Was eher zartbesaitete Essgemüter anbelangt,
glaube ich, dass es keine so gute Idee war, den gesamten Taubenfuß
mitzuservieren, zumal man ihn sowieso nicht isst.
Der folgende Taubengang bestand aus Taubenbrust von allerfeinstem
zartestem Fleisch, besser geht es nicht. Dazu weiße Bohnencreme mit
Rhabarberstücken, die wie Kimchi eingelegt waren, plus herrliches
Taubenjus. Ein insgesamt sehr gut schmeckender Gang:

Das Pre-Dessert bestand aus einem kleinen optischen Highlight, nämlich
aus zwei superkrossen köstlichen Sabléscheiben, zwischen die kräftiges
Zitronenparfait gepackt worden war; die Zitronen selbst hatte man übers
Jahr eingelegt. Die offene Kante war dann noch in Szechuanpfeffer
gewälzt worden. Das Parfait erinnerte in seiner Konsistenz eher an eine
saftige Buttercreme. Spätestens mit diesem Gang kann man bei Chefkoch
Bürmann von einem eigenen Kochstil und eigener Handschrift sprechen.
Hervorragend!


Das Dessert kam als Dreierlei zum Thema Fliederbeere: Grieß,
Fliederbeeren und Pumpernickeleis sollte das Traditionelle dieses
Gerichts unterstreichen.
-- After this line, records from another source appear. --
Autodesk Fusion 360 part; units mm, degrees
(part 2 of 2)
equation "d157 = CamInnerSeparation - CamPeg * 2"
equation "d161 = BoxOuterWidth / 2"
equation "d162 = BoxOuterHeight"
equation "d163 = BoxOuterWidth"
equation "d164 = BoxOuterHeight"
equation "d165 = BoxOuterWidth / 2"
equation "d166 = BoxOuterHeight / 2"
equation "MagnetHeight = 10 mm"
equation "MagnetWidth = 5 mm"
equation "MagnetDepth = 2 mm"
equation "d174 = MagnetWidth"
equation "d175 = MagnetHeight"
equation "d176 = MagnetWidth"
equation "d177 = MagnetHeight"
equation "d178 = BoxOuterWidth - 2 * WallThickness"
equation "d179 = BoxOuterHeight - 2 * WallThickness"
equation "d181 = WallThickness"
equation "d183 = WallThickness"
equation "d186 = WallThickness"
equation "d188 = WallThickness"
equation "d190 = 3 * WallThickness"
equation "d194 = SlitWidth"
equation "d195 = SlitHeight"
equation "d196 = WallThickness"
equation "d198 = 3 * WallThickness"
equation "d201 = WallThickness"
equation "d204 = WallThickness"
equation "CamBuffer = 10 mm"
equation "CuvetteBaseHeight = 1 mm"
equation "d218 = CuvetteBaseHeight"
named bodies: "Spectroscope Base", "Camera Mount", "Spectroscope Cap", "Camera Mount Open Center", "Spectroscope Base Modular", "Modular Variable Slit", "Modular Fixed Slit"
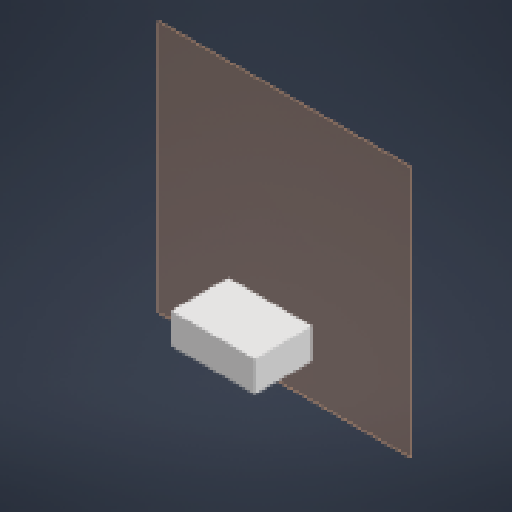
# Autodesk Inventor part: Gref_Sec
Saved by Autodesk Inventor 2024 (Build 280153000, 153)
## iProperties
Created: 2023-04-23
Part Number: Gref_Sec
Material: Genérico
Document SubType Name: Modeling
Designer: javie
Density: 1 g/cm^3
Appearance: Valor por defecto
Author: javie
Autodesk Inventor part; units mm, degrees
ref_plane "YZ Plane" through (0, 0, 0) normal (1, 0, 0) x (0, 1, 0)
ref_plane "XZ Plane" through (0, 0, 0) normal (0, 1, 0) x (-1, 0, 0)
ref_plane "XY Plane" through (0, 0, 0) normal (0, 0, 1) x (1, 0, 0)
ref_plane "Plano de trabajo1" through (0, 0, 0) normal (0, 0, 1) x (1, 0, 0)
sketch "Boceto1" plane through (0, 0, 0) normal (0, 0, 1) x (1, 0, 0)
  line L0 (-1471.3892, -1600.5706) -> (718.6108, -1600.5706)
  line L1 (718.6108, -1600.5706) -> (718.6108, -2400.5706)
  line L2 (718.6108, -2400.5706) -> (-1471.3892, -2400.5706)
  line L3 (-1471.3892, -2400.5706) -> (-1471.3892, -1600.5706)
  line L4 (624.235, -2000.5706) -> (-1372.7834, -2000.5706)
  point P0 (0, 0)
  dimension "d0" = 2190
  dimension "d1" = 800
  dimension "d3" = 400
  constraints: 10 end point, 2 horizontal, 2 parallel, 1 perpendicular
  measures "d0" distance of L1.end L2.end
  measures "d1" distance of L0.end L1.end
  measures "d3" distance between parallel lines of L2 L4
extrude "Extrusión1" add sketch "Boceto1" along normal blind 1150
sketch "Boceto2" plane through (-1471.3892, -2400.5706, 0) normal (0, -1, 0) x (1, 0, 0)
  line L0 (0, 0) -> (2190, 0) projected
  line L1 (0, 0) -> (0, 1150)
  line L2 (0, 0) -> (0, 1150) projected
  line L3 (0, 1150) -> (2190, 1150)
  line L4 (0, 850) -> (2190, 850)
  line L5 (1095, 1150) -> (1095, 0)
  line L6 (2190, 0) -> (2190, 1150) projected
  line L7 (2190, 0) -> (2190, 1150)
  point P0 (1471.3892, 0)
  dimension "d7" = 2190
  dimension "d8" = 1095
  dimension "d9" = 850
  dimension "d11" = 300
  constraints: 10 end point, 2 midpoint, 2 perpendicular, 2 point on line
  measures "d7" distance of L1.end L3.end
  measures "d8" distance between parallel lines of L5 L1
  measures "d9" distance between parallel lines of L4 L0
  measures "d11" distance between parallel lines of L4 L3
sketch "Boceto3" plane through (-1471.3892, -1600.5706, 0) normal (0, 1, 0) x (1, 0, 0)
  line L0 (0, 0) -> (2190, 0) projected
  line L1 (2190, 0) -> (2190, -1150)
  line L2 (2190, 0) -> (2190, -1150) projected
  line L3 (2190, -1150) -> (0, -1150)
  line L4 (0, 0) -> (0, -1150) projected
  line L5 (0, -1150) -> (0, 0)
  line L6 (2190, -850) -> (0, -850)
  line L7 (1095, -1150) -> (1095, 0)
  point P0 (1471.3892, 0)
  dimension "d12" = 1150
  dimension "d13" = 2190
  dimension "d14" = 300
  dimension "d15" = 1095
  constraints: 10 end point, 3 perpendicular, 3 point on line, 2 midpoint
  measures "d12" distance of L0.end L1.end
  measures "d13" distance of L1.end L3.end
  measures "d14" distance between parallel lines of L3 L6
  measures "d15" distance between parallel lines of L4 L7
Autodesk Fusion 360 part; units mm, degrees
(part 2 of 3)
  line L328 (-114.4464, -236.9799) -> (-114.4464, -230.9799)
  line L329 (-114.4464, -230.9799) -> (-108.4464, -230.9799)
  line L330 (-108.4464, -230.9799) -> (-108.4464, -236.9799)
  line L331 (-108.4464, -236.9799) -> (-114.4464, -236.9799)
  line L332 (53.6667, -182.5) -> (47.6667, -182.5)
  line L333 (47.6667, -182.5) -> (47.6667, -176.5)
  line L334 (47.6667, -176.5) -> (53.6667, -176.5)
  line L335 (53.6667, -176.5) -> (53.6667, -182.5)
  line L336 (61.3333, -182.5) -> (55.3333, -182.5)
  line L337 (55.3333, -182.5) -> (55.3333, -176.5)
  line L338 (55.3333, -176.5) -> (61.3333, -176.5)
  line L339 (61.3333, -176.5) -> (61.3333, -182.5)
  line L340 (69, -182.5) -> (63, -182.5)
  line L341 (63, -182.5) -> (63, -176.5)
  line L342 (63, -176.5) -> (69, -176.5)
  line L343 (69, -176.5) -> (69, -182.5)
  line L344 (76.6667, -182.5) -> (70.6667, -182.5)
  line L345 (70.6667, -182.5) -> (70.6667, -176.5)
  line L346 (70.6667, -176.5) -> (76.6667, -176.5)
  line L347 (76.6667, -176.5) -> (76.6667, -182.5)
  line L348 (84.3333, -182.5) -> (78.3333, -182.5)
  line L349 (78.3333, -182.5) -> (78.3333, -176.5)
  line L350 (78.3333, -176.5) -> (84.3333, -176.5)
  line L351 (84.3333, -176.5) -> (84.3333, -182.5)
  line L352 (92, -182.5) -> (86, -182.5)
  line L353 (86, -182.5) -> (86, -176.5)
  line L354 (86, -176.5) -> (92, -176.5)
  line L355 (92, -176.5) -> (92, -182.5)
  line L356 (99.6667, -182.5) -> (93.6667, -182.5)
  line L357 (93.6667, -182.5) -> (93.6667, -176.5)
  line L358 (93.6667, -176.5) -> (99.6667, -176.5)
  line L359 (99.6667, -176.5) -> (99.6667, -182.5)
  line L360 (107.3333, -182.5) -> (101.3333, -182.5)
  line L361 (101.3333, -182.5) -> (101.3333, -176.5)
  line L362 (101.3333, -176.5) -> (107.3333, -176.5)
  line L363 (107.3333, -176.5) -> (107.3333, -182.5)
  line L364 (53.6667, -190.3571) -> (47.6667, -190.3571)
  line L365 (47.6667, -190.3571) -> (47.6667, -184.3571)
  line L366 (47.6667, -184.3571) -> (53.6667, -184.3571)
  line L367 (53.6667, -184.3571) -> (53.6667, -190.3571)
  line L368 (61.3333, -190.3571) -> (55.3333, -190.3571)
  line L369 (55.3333, -190.3571) -> (55.3333, -184.3571)
  line L370 (55.3333, -184.3571) -> (61.3333, -184.3571)
  line L371 (61.3333, -184.3571) -> (61.3333, -190.3571)
  line L372 (69, -190.3571) -> (63, -190.3571)
  line L373 (63, -190.3571) -> (63, -184.3571)
  line L374 (63, -184.3571) -> (69, -184.3571)
  line L375 (69, -184.3571) -> (69, -190.3571)
  line L376 (76.6667, -190.3571) -> (70.6667, -190.3571)
  line L377 (70.6667, -190.3571) -> (70.6667, -184.3571)
  line L378 (70.6667, -184.3571) -> (76.6667, -184.3571)
  line L379 (76.6667, -184.3571) -> (76.6667, -190.3571)
  line L380 (84.3333, -190.3571) -> (78.3333, -190.3571)
  line L381 (78.3333, -190.3571) -> (78.3333, -184.3571)
  line L382 (78.3333, -184.3571) -> (84.3333, -184.3571)
  line L383 (84.3333, -184.3571) -> (84.3333, -190.3571)
  line L384 (92, -190.3571) -> (86, -190.3571)
  line L385 (86, -190.3571) -> (86, -184.3571)
  line L386 (86, -184.3571) -> (92, -184.3571)
  line L387 (92, -184.3571) -> (92, -190.3571)
  line L388 (99.6667, -190.3571) -> (93.6667, -190.3571)
  line L389 (93.6667, -190.3571) -> (93.6667, -184.3571)
  line L390 (93.6667, -184.3571) -> (99.6667, -184.3571)
  line L391 (99.6667, -184.3571) -> (99.6667, -190.3571)
  line L392 (107.3333, -190.3571) -> (101.3333, -190.3571)
  line L393 (101.3333, -190.3571) -> (101.3333, -184.3571)
  line L394 (101.3333, -184.3571) -> (107.3333, -184.3571)
  line L395 (107.3333, -184.3571) -> (107.3333, -190.3571)
  line L396 (53.6667, -198.2143) -> (47.6667, -198.2143)
  line L397 (47.6667, -198.2143) -> (47.6667, -192.2143)
  line L398 (47.6667, -192.2143) -> (53.6667, -192.2143)
  line L399 (53.6667, -192.2143) -> (53.6667, -198.2143)
  line L400 (61.3333, -198.2143) -> (55.3333, -198.2143)
  line L401 (55.3333, -198.2143) -> (55.3333, -192.2143)
  line L402 (55.3333, -192.2143) -> (61.3333, -192.2143)
  line L403 (61.3333, -192.2143) -> (61.3333, -198.2143)
  line L404 (69, -198.2143) -> (63, -198.2143)
  line L405 (63, -198.2143) -> (63, -192.2143)
  line L406 (63, -192.2143) -> (69, -192.2143)
  line L407 (69, -192.2143) -> (69, -198.2143)
  line L408 (76.6667, -198.2143) -> (70.6667, -198.2143)
  line L409 (70.6667, -198.2143) -> (70.6667, -192.2143)
  line L410 (70.6667, -192.2143) -> (76.6667, -192.2143)
  line L411 (76.6667, -192.2143) -> (76.6667, -198.2143)
  line L412 (84.3333, -198.2143) -> (78.3333, -198.2143)
  line L413 (78.3333, -198.2143) -> (78.3333, -192.2143)
  line L414 (78.3333, -192.2143) -> (84.3333, -192.2143)
  line L415 (84.3333, -192.2143) -> (84.3333, -198.2143)
  line L416 (92, -198.2143) -> (86, -198.2143)
  line L417 (86, -198.2143) -> (86, -192.2143)
  line L418 (86, -192.2143) -> (92, -192.2143)
  line L419 (92, -192.2143) -> (92, -198.2143)
  line L420 (99.6667, -198.2143) -> (93.6667, -198.2143)
  line L421 (93.6667, -198.2143) -> (93.6667, -192.2143)
  line L422 (93.6667, -192.2143) -> (99.6667, -192.2143)
  line L423 (99.6667, -192.2143) -> (99.6667, -198.2143)
  line L424 (107.3333, -198.2143) -> (101.3333, -198.2143)
  line L425 (101.3333, -198.2143) -> (101.3333, -192.2143)
  line L426 (101.3333, -192.2143) -> (107.3333, -192.2143)
  line L427 (107.3333, -192.2143) -> (107.3333, -198.2143)
  line L428 (53.6667, -206.0714) -> (47.6667, -206.0714)
  line L429 (47.6667, -206.0714) -> (47.6667, -200.0714)
  line L430 (47.6667, -200.0714) -> (53.6667, -200.0714)
  line L431 (53.6667, -200.0714) -> (53.6667, -206.0714)
  line L432 (61.3333, -206.0714) -> (55.3333, -206.0714)
  line L433 (55.3333, -206.0714) -> (55.3333, -200.0714)
  line L434 (55.3333, -200.0714) -> (61.3333, -200.0714)
  line L435 (61.3333, -200.0714) -> (61.3333, -206.0714)
  line L436 (69, -206.0714) -> (63, -206.0714)
  line L437 (63, -206.0714) -> (63, -200.0714)
  line L438 (63, -200.0714) -> (69, -200.0714)
  line L439 (69, -200.0714) -> (69, -206.0714)
  line L440 (76.6667, -206.0714) -> (70.6667, -206.0714)
  line L441 (70.6667, -206.0714) -> (70.6667, -200.0714)
  line L442 (70.6667, -200.0714) -> (76.6667, -200.0714)
  line L443 (76.6667, -200.0714) -> (76.6667, -206.0714)
  line L444 (84.3333, -206.0714) -> (78.3333, -206.0714)
  line L445 (78.3333, -206.0714) -> (78.3333, -200.0714)
  line L446 (78.3333, -200.0714) -> (84.3333, -200.0714)
  line L447 (84.3333, -200.0714) -> (84.3333, -206.0714)
  line L448 (92, -206.0714) -> (86, -206.0714)
  line L449 (86, -206.0714) -> (86, -200.0714)
  line L450 (86, -200.0714) -> (92, -200.0714)
  line L451 (92, -200.0714) -> (92, -206.0714)
  line L452 (99.6667, -206.0714) -> (93.6667, -206.0714)
  line L453 (93.6667, -206.0714) -> (93.6667, -200.0714)
  line L454 (93.6667, -200.0714) -> (99.6667, -200.0714)
  line L455 (99.6667, -200.0714) -> (99.6667, -206.0714)
  line L456 (107.3333, -206.0714) -> (101.3333, -206.0714)
  line L457 (101.3333, -206.0714) -> (101.3333, -200.0714)
  line L458 (101.3333, -200.0714) -> (107.3333, -200.0714)
  line L459 (107.3333, -200.0714) -> (107.3333, -206.0714)
  line L460 (53.6667, -213.9286) -> (47.6667, -213.9286)
  line L461 (47.6667, -213.9286) -> (47.6667, -207.9286)
  line L462 (47.6667, -207.9286) -> (53.6667, -207.9286)
  line L463 (53.6667, -207.9286) -> (53.6667, -213.9286)
  line L464 (61.3333, -213.9286) -> (55.3333, -213.9286)
  line L465 (55.3333, -213.9286) -> (55.3333, -207.9286)
  line L466 (55.3333, -207.9286) -> (61.3333, -207.9286)
  line L467 (61.3333, -207.9286) -> (61.3333, -213.9286)
  line L468 (69, -213.9286) -> (63, -213.9286)
  line L469 (63, -213.9286) -> (63, -207.9286)
  line L470 (63, -207.9286) -> (69, -207.9286)
  line L471 (69, -207.9286) -> (69, -213.9286)
  line L472 (76.6667, -213.9286) -> (70.6667, -213.9286)
  line L473 (70.6667, -213.9286) -> (70.6667, -207.9286)
  line L474 (70.6667, -207.9286) -> (76.6667, -207.9286)
  line L475 (76.6667, -207.9286) -> (76.6667, -213.9286)
  line L476 (84.3333, -213.9286) -> (78.3333, -213.9286)
  line L477 (78.3333, -213.9286) -> (78.3333, -207.9286)
  line L478 (78.3333, -207.9286) -> (84.3333, -207.9286)
  line L479 (84.3333, -207.9286) -> (84.3333, -213.9286)
  line L480 (92, -213.9286) -> (86, -213.9286)
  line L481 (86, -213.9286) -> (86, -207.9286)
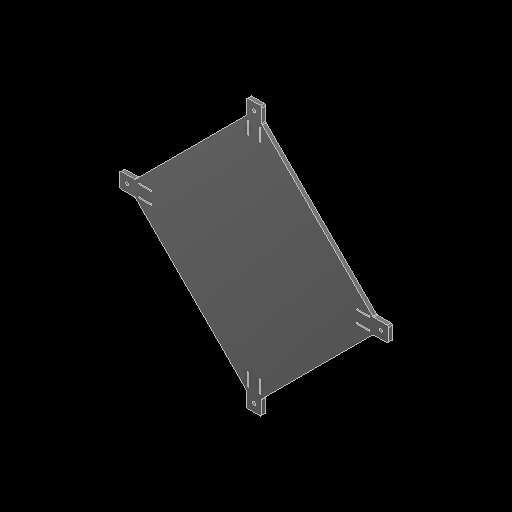
# Autodesk Inventor part: base_plate
Saved by Autodesk Inventor 2026.1 (Build 301233000, 233)
## iProperties
Created: 2025-09-14
Part Number: base_plate
Material: Aluminum 6061
Document SubType Name: Modeling
Designer: drago
Density: 2.7 g/cm^3
Appearance: Smooth - Black
Author: drago
Autodesk Inventor part; units mm, degrees
ref_plane "YZ Plane" through (0, 0, 0) normal (1, 0, 0) x (0, 1, 0)
ref_plane "XZ Plane" through (0, 0, 0) normal (0, 1, 0) x (-1, 0, 0)
ref_plane "XY Plane" through (0, 0, 0) normal (0, 0, 1) x (1, 0, 0)
sketch "Sketch2" plane through (0, 0, 0) normal (0, 0, 1) x (1, 0, 0)
  line L0 (307.5, 20) -> (347.5, 20)
  line L1 (347.5, 20) -> (347.5, -20)
  line L2 (347.5, -20) -> (307.5, -20)
  line L3 (307.5, -20) -> (307.5, 20)
  line L4 (307.5, 20) -> (347.5, -20) construction
  line L5 (347.5, 20) -> (307.5, -20) construction
  line L6 (327.5, 0) -> (-327.5, 0) construction
  line L7 (0, -327.5) -> (0, 327.5) construction
  line L8 (327.5, 0) -> (327.5, 0) construction
  line L9 (327.5, 4.25) -> (327.5, 4.25)
  line L10 (327.5, -4.25) -> (327.5, -4.25)
  arc A0 (327.5, -4.25) -> (327.5, 4.25) centre (327.5, 0) ccw
  arc A1 (327.5, 4.25) -> (327.5, -4.25) centre (327.5, 0) ccw
  line L11 (266.2, 15.5) -> (297.2, 15.5) construction
  line L12 (266.2, 13.9) -> (297.2, 13.9)
  line L13 (297.2, 17.1) -> (266.2, 17.1)
  arc A2 (266.2, 17.1) -> (266.2, 13.9) centre (266.2, 15.5) ccw
  arc A3 (297.2, 13.9) -> (297.2, 17.1) centre (297.2, 15.5) ccw
  line L14 (266.2, -15.5) -> (297.2, -15.5) construction
  line L15 (266.2, -17.1) -> (297.2, -17.1)
  line L16 (297.2, -13.9) -> (266.2, -13.9)
  arc A4 (266.2, -13.9) -> (266.2, -17.1) centre (266.2, -15.5) ccw
  arc A5 (297.2, -17.1) -> (297.2, -13.9) centre (297.2, -15.5) ccw
  arc A6 (-4.25, 327.5) -> (4.25, 327.5) centre (0, 327.5) ccw
  line L17 (-13.9, 266.2) -> (-13.9, 297.2)
  line L18 (-15.5, 266.2) -> (-15.5, 297.2) construction
  line L19 (-17.1, 297.2) -> (-17.1, 266.2)
  line L20 (17.1, 266.2) -> (17.1, 297.2)
  line L21 (13.9, 297.2) -> (13.9, 266.2)
  arc A7 (17.1, 297.2) -> (13.9, 297.2) centre (15.5, 297.2) ccw
  line L22 (20, 307.5) -> (-20, 307.5)
  line L23 (15.5, 266.2) -> (15.5, 297.2) construction
  arc A8 (-17.1, 266.2) -> (-13.9, 266.2) centre (-15.5, 266.2) ccw
  arc A9 (13.9, 266.2) -> (17.1, 266.2) centre (15.5, 266.2) ccw
  line L24 (-20, 307.5) -> (-20, 347.5)
  line L25 (-20, 347.5) -> (20, 347.5)
  line L26 (20, 347.5) -> (20, 307.5)
  line L27 (-20, 307.5) -> (20, 347.5) construction
  line L28 (-20, 347.5) -> (20, 307.5) construction
  arc A10 (-13.9, 297.2) -> (-17.1, 297.2) centre (-15.5, 297.2) ccw
  line L29 (0, 327.5) -> (0, 327.5) construction
  line L30 (4.25, 327.5) -> (4.25, 327.5)
  arc A11 (4.25, 327.5) -> (-4.25, 327.5) centre (0, 327.5) ccw
  line L31 (-4.25, 327.5) -> (-4.25, 327.5)
  arc A12 (-327.5, -4.25) -> (-327.5, 4.25) centre (-327.5, 0) ccw
  line L32 (-266.2, -13.9) -> (-297.2, -13.9)
  line L33 (-266.2, -15.5) -> (-297.2, -15.5) construction
  line L34 (-297.2, -17.1) -> (-266.2, -17.1)
  line L35 (-266.2, 17.1) -> (-297.2, 17.1)
  line L36 (-297.2, 13.9) -> (-266.2, 13.9)
  arc A13 (-297.2, 17.1) -> (-297.2, 13.9) centre (-297.2, 15.5) ccw
  line L37 (-307.5, 20) -> (-307.5, -20)
  line L38 (-266.2, 15.5) -> (-297.2, 15.5) construction
  arc A14 (-266.2, -17.1) -> (-266.2, -13.9) centre (-266.2, -15.5) ccw
  arc A15 (-266.2, 13.9) -> (-266.2, 17.1) centre (-266.2, 15.5) ccw
  line L39 (-307.5, -20) -> (-347.5, -20)
  line L40 (-347.5, -20) -> (-347.5, 20)
  line L41 (-347.5, 20) -> (-307.5, 20)
  line L42 (-307.5, -20) -> (-347.5, 20) construction
  line L43 (-347.5, -20) -> (-307.5, 20) construction
  arc A16 (-297.2, -13.9) -> (-297.2, -17.1) centre (-297.2, -15.5) ccw
  line L44 (-327.5, 0) -> (-327.5, 0) construction
  line L45 (-327.5, 4.25) -> (-327.5, 4.25)
  arc A17 (-327.5, 4.25) -> (-327.5, -4.25) centre (-327.5, 0) ccw
  line L46 (-327.5, -4.25) -> (-327.5, -4.25)
  arc A18 (4.25, -327.5) -> (-4.25, -327.5) centre (0, -327.5) ccw
  line L47 (13.9, -266.2) -> (13.9, -297.2)
  line L48 (15.5, -266.2) -> (15.5, -297.2) construction
  line L49 (17.1, -297.2) -> (17.1, -266.2)
  line L50 (-17.1, -266.2) -> (-17.1, -297.2)
  line L51 (-13.9, -297.2) -> (-13.9, -266.2)
  arc A19 (-17.1, -297.2) -> (-13.9, -297.2) centre (-15.5, -297.2) ccw
  line L52 (-20, -307.5) -> (20, -307.5)
  line L53 (-15.5, -266.2) -> (-15.5, -297.2) construction
  arc A20 (17.1, -266.2) -> (13.9, -266.2) centre (15.5, -266.2) ccw
  arc A21 (-13.9, -266.2) -> (-17.1, -266.2) centre (-15.5, -266.2) ccw
  line L54 (20, -307.5) -> (20, -347.5)
  line L55 (20, -347.5) -> (-20, -347.5)
  line L56 (-20, -347.5) -> (-20, -307.5)
  line L57 (20, -307.5) -> (-20, -347.5) construction
  line L58 (20, -347.5) -> (-20, -307.5) construction
  arc A22 (13.9, -297.2) -> (17.1, -297.2) centre (15.5, -297.2) ccw
  line L59 (0, -327.5) -> (0, -327.5) construction
  line L60 (-4.25, -327.5) -> (-4.25, -327.5)
  arc A23 (-4.25, -327.5) -> (4.25, -327.5) centre (0, -327.5) ccw
  line L61 (4.25, -327.5) -> (4.25, -327.5)
  line L62 (-307.5, 20) -> (-20, 307.5)
  line L63 (20, 307.5) -> (307.5, 20)
  line L64 (307.5, -20) -> (20, -307.5)
  line L65 (-20, -307.5) -> (-307.5, -20)
  point P0 (0, 0)
  point P1 (327.5, 0)
  point P2 (281.7, 15.5)
  point P3 (281.7, -15.5)
  point P4 (15.5, 281.7)
  point P5 (-15.5, 281.7)
  point P6 (0, 327.5)
  point P7 (-281.7, 15.5)
  point P8 (-281.7, -15.5)
  point P9 (-327.5, 0)
  point P10 (-15.5, -281.7)
  point P11 (15.5, -281.7)
  point P12 (0, -327.5)
  dimension "d148" = 40
  dimension "d149" = 655
  dimension "d154" = 0
  dimension "d155" = 8.5
  dimension "d156" = 31
  dimension "d157" = 3.2
  dimension "d171" = 31
  dimension "d172" = 10.3
  dimension "d173" = 10.3
  dimension "d176" = 360
  constraints: 156 end point, 48 point on circle, 24 centre point, 12 tangent, 7 midpoint, 5 parallel, 4 horizontal, 3 equal length, 3 perpendicular, 2 collinear, 1 equal radius, 1 point on line, 1 vertical, 187 other
  measures "d148" distance of L0.end L1.end
  measures "d149" distance of L6.start L6.end
  measures "d154" distance of L6.start L8.end
  measures "d155" diameter of A1
  measures "d156" distance of L11.start L11.end
  measures "d157" diameter of A3
  measures "d171" distance between parallel lines of L14 L11
  measures "d172" distance from line of L3 L11.end
  measures "d173" distance from line of L3 L14.end
extrude "Extrusion10" add sketch "Sketch2" against normal blind 10
fillet "Fillet8" radius 4 16 edges at (20, 347.5, -5) (-20, 347.5, -5) (-20, 307.5, -5) (-307.5, 20, -5) (-347.5, 20, -5) (-347.5, -20, -5) (347.5, 20, -5) (-20, -307.5, -5) (-20, -347.5, -5) (20, 307.5, -5) (20, -347.5, -5) (347.5, -20, -5) (307.5, -20, -5) (20, -307.5, -5) (307.5, 20, -5) (-307.5, -20, -5)
equation "\"ring_inner_diam\" = 565"
equation "\"ring_outer_diam\" = 615"
equation "\"dist_motor_bar\" = 10.3"
equation "\"motor_slot_diam\" = 3.2"
equation "\"motor_slot_length\" = 31"
equation "\"bar_slot_diam\" = 8.5"
equation "\"bar_slot_length\" = 0"
equation "\"diag_dist_bar_holes_old_fridge\" = 536.791"
equation "\"motor_dist_slots\" = 31"
body "Solid4"
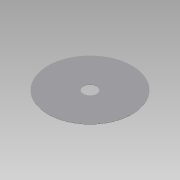
# Autodesk Inventor part: pig_butt_holder
Saved by Autodesk Inventor 2015 (Build 190159000, 159)
## iProperties
Created: 2016-05-01
Part Number: pig_butt_holder
Material: Generic
Document SubType Name: Modeling
Designer: Luke Good
Density: 1 g/cm^3
Appearance: Default
Author: Luke Good
Autodesk Inventor part; units mm, degrees
ref_plane "YZ Plane" through (0, 0, 0) normal (1, 0, 0) x (0, 1, 0)
ref_plane "XZ Plane" through (0, 0, 0) normal (0, 1, 0) x (-1, 0, 0)
ref_plane "XY Plane" through (0, 0, 0) normal (0, 0, 1) x (1, 0, 0)
sketch "Sketch1" plane through (0, 0, 0) normal (0, 1, 0) x (-1, 0, 0)
  arc A0 (62.2165, 72.7223) -> (87.0556, 72.7223) centre (74.6361, 61.0876) ccw
  arc A1 (62.2165, 72.7223) -> (87.0556, 72.7223) centre (74.6361, 61.0876) ccw
  arc A2 (87.0556, 72.7223) -> (62.2165, 72.7223) centre (74.6361, 61.0876) ccw
  circle A3 centre (74.6361, 61.0876) radius 106.1502
  point P0 (0, 0)
  point P1 (74.6361, 0)
  point P2 (0, 72.7223)
  point P3 (149.2721, 72.7223)
  point P4 (0, 0)
  dimension "d2" = 17.018
  constraints: 6 point on circle, 4 centre point, 2 coincident, 1 concentric
  measures "d2" radius of A0
extrude "Extrusion1" add sketch "Sketch1" along normal blind 0.508
body "Solid1"

Ein sehr ausgewogenes Dessert, optisch mit
klarer Linie; uns gefiel beides, Präsentation und Geschmack, sehr.
Der Käsegang, der ein Extra zum Menü ist (19 Euro), zeigte sich als sehr
gute Entscheidung, weil alle Käsesorten sich jeweils in ihrem feinen
Geschmack überboten und man tatsächlich nicht am Ende hätte sagen
können, welcher der beste gewesen ist. Die Käse stammen vom Affineur
Waltmann aus Erlangen - eine sehr gute Entscheidung.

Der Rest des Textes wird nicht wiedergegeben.